En voyageant sur le portail Europa du site du même nom ; celui de l’Union européenne, on peut y lire que l’UE compte 20 langues officielles, qu’elle travaille donc dans les langues choisies par les gouvernements des états membres et non dans une langue unique ou dans quelques langues qu’elle aurait elle même choisies et qu’une bonne partie de ses citoyens ne pourraient pas comprendre, que ce choix du multilinguisme officiel en tant qu’outil de gouvernance économique est unique au monde...

Il suffit toutefois d’avoir quelques notions de mathématiques pour comprendre que ce modèle est voué à l’échec. Le nombre de traducteurs nécessaires pour traduire n langues est égal à (n x (n -1))/2, il en résulte qu’avec 20 langues de travail, il faudrait 190 traducteurs en permanence dans chaque instance européenne. Pour trouver des traducteurs français/allemand, ça va, mais allez-donc trouver un traducteur protugais/slovène...

Rassuré d’être au cœur d’un modèle aussi original et si soucieux de ses citoyens, vous voulez sans tarder communiquer avec vos frères des autres pays européens et vous vous rendez sur la page « jumelages » . Surprise : le texte n’est plus affiché que dans dix langues et on vous explique que les projets de jumelage de villes sont désormais gérés par une agence exécutive que vous pouvez joindre en cliquant sur un lien. Et la, seconde surprise, vous tombez sur un texte en anglais. L’an dernier la demande de subvention pouvait être faite en anglais, français ou allemand !! Les réclamations ne pouvaient être faites qu’en anglais !

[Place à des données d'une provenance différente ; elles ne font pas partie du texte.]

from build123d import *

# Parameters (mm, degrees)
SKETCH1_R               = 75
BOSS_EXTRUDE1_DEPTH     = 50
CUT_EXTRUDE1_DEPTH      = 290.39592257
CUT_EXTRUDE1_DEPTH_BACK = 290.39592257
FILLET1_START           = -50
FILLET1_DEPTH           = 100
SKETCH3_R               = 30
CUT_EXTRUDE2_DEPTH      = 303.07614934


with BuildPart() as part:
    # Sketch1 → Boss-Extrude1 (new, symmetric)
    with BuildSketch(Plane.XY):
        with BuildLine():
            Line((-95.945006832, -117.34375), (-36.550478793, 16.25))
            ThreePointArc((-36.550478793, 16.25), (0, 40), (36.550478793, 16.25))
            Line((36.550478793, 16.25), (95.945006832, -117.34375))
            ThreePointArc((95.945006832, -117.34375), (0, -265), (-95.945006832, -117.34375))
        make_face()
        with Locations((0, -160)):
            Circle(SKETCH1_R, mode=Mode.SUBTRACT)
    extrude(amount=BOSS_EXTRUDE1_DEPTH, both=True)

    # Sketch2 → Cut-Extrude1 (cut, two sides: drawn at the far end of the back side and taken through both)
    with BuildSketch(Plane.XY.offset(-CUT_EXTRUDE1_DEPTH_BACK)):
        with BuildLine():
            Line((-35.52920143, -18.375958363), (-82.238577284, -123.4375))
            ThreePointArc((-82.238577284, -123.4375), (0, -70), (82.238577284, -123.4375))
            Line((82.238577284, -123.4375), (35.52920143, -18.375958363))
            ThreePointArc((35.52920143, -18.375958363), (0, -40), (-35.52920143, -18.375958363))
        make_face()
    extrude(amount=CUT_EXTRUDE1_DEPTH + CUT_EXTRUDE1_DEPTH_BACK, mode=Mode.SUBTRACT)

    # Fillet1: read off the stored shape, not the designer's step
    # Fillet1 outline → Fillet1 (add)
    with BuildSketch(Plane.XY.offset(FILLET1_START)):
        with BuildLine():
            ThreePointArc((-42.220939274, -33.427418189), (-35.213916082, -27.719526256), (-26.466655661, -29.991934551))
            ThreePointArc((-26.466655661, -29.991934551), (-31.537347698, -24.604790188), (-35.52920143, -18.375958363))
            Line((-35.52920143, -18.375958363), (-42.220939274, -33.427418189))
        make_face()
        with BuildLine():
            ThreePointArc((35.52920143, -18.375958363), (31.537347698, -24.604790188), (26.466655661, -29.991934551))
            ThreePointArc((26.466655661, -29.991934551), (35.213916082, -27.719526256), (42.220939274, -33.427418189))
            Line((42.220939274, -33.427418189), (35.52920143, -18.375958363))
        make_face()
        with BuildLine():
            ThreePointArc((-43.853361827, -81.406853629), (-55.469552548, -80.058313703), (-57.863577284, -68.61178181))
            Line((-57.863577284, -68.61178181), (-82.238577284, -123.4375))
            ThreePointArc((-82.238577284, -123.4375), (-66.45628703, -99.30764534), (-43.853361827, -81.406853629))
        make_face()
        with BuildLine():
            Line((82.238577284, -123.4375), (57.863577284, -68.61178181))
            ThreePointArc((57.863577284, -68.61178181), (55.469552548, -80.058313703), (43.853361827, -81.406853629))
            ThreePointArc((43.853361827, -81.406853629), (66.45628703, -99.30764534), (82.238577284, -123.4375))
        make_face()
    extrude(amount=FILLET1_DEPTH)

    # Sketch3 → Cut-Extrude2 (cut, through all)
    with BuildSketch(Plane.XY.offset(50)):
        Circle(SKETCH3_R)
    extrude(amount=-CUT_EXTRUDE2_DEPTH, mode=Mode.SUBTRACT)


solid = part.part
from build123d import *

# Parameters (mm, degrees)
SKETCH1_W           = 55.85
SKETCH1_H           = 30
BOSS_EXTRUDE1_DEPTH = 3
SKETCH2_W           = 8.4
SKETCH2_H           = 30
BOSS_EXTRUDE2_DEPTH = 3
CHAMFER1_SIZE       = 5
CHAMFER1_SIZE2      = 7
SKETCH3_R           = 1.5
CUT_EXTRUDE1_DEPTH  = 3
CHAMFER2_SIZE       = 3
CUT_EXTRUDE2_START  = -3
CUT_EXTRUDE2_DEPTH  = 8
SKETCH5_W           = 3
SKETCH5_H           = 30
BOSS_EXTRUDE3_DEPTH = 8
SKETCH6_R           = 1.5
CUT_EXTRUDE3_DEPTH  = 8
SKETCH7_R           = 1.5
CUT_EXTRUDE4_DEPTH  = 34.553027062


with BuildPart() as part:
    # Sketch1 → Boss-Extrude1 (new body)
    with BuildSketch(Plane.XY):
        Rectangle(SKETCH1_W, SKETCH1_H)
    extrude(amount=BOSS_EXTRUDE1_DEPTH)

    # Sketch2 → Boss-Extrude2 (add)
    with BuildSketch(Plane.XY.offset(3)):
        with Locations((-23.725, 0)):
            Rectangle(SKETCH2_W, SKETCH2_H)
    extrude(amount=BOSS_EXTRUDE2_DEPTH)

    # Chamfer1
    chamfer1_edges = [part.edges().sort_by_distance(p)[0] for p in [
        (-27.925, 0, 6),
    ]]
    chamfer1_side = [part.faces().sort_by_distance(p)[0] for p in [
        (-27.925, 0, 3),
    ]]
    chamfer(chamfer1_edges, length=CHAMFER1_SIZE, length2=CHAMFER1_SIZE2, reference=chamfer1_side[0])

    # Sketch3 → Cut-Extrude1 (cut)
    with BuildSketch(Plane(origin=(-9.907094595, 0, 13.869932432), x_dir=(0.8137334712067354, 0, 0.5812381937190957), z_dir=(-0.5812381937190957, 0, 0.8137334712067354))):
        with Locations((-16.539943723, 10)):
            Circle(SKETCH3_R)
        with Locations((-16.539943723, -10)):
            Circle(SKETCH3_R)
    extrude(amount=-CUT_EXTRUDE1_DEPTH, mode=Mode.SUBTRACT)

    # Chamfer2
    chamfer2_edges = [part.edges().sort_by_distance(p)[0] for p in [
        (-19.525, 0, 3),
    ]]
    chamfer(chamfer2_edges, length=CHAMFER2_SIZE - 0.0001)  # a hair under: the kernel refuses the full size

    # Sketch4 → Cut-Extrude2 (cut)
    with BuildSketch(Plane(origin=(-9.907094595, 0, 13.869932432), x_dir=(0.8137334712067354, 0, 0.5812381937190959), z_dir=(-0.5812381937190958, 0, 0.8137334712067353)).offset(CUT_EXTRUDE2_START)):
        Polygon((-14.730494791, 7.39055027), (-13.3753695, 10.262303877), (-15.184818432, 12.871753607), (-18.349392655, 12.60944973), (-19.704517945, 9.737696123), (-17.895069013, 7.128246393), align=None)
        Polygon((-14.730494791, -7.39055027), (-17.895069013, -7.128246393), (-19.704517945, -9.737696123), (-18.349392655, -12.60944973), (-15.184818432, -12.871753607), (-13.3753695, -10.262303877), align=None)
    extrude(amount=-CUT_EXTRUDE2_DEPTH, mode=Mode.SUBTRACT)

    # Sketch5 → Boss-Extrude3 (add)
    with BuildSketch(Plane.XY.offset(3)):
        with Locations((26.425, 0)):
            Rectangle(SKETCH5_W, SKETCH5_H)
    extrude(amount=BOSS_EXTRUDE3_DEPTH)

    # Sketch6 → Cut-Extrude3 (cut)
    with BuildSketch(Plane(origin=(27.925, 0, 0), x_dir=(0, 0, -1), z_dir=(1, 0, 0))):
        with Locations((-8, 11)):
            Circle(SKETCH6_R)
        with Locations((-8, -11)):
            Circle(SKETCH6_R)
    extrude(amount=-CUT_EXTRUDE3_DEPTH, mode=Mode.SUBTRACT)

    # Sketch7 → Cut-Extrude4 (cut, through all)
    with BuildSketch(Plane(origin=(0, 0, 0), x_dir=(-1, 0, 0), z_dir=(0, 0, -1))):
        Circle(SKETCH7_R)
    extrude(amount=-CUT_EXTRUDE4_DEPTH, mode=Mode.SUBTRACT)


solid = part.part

Pour la raison ci-dessus explicitée, il est impossible de traduire toute la pléthore de documents émise quotidiennement par l’UE. Il en résulte que tous les documents ne sont évidemment pas traduits dans toutes les langues, et que certains, peu usités, ne sont disponibles que dans une langue. En l’occurrence, quand c’est le cas, c’est l’anglais, car il se trouve que c’est la seule langue que tous les fonctionnaires européens ont en commun.

Les citoyens des nouveaux pays membres le savent depuis des années : la commission européenne ne s’adressait à eux qu’en anglais et quand ils voulaient réclamer des fonds européens , ils étaient et continuent d’être priés de le faire en anglais ! Donc, comme souvent s’agissant de la construction européenne, il y a les contes d’Andersen pour amuser les schtroumfs et la réalité qui n’est pas du même tonneau. La réalité est que l’anglais est en train de devenir progressivement la seule langue de travail de l’UE et la notion de langue officielle est remisée au rang des armoiries qui ornent les murs des châteaux dans le Royaume de sa gracieuse majesté .

« Les citoyens » ont rarement l’occasion de demander des subventions à l’UE. Ces procédures administratives sont principalement le fait des administrations nationales et locales ainsi que des entreprises où, faut-il au moins l’espérer, on trouve toujours une secrétaire se débrouillant en langue de Shakespeare. Quelle était l’alternative ? Faire un effort budgétaire pour traduire en Slovaque chaque formulaire de subvention à l’hectare de bagasse de topinambourg cultivé ? Tirer équitablement au sort dans quelles langues on va traduire les formulaires, quitte à envoyer des papiers en grec à des agriculteurs Danois ?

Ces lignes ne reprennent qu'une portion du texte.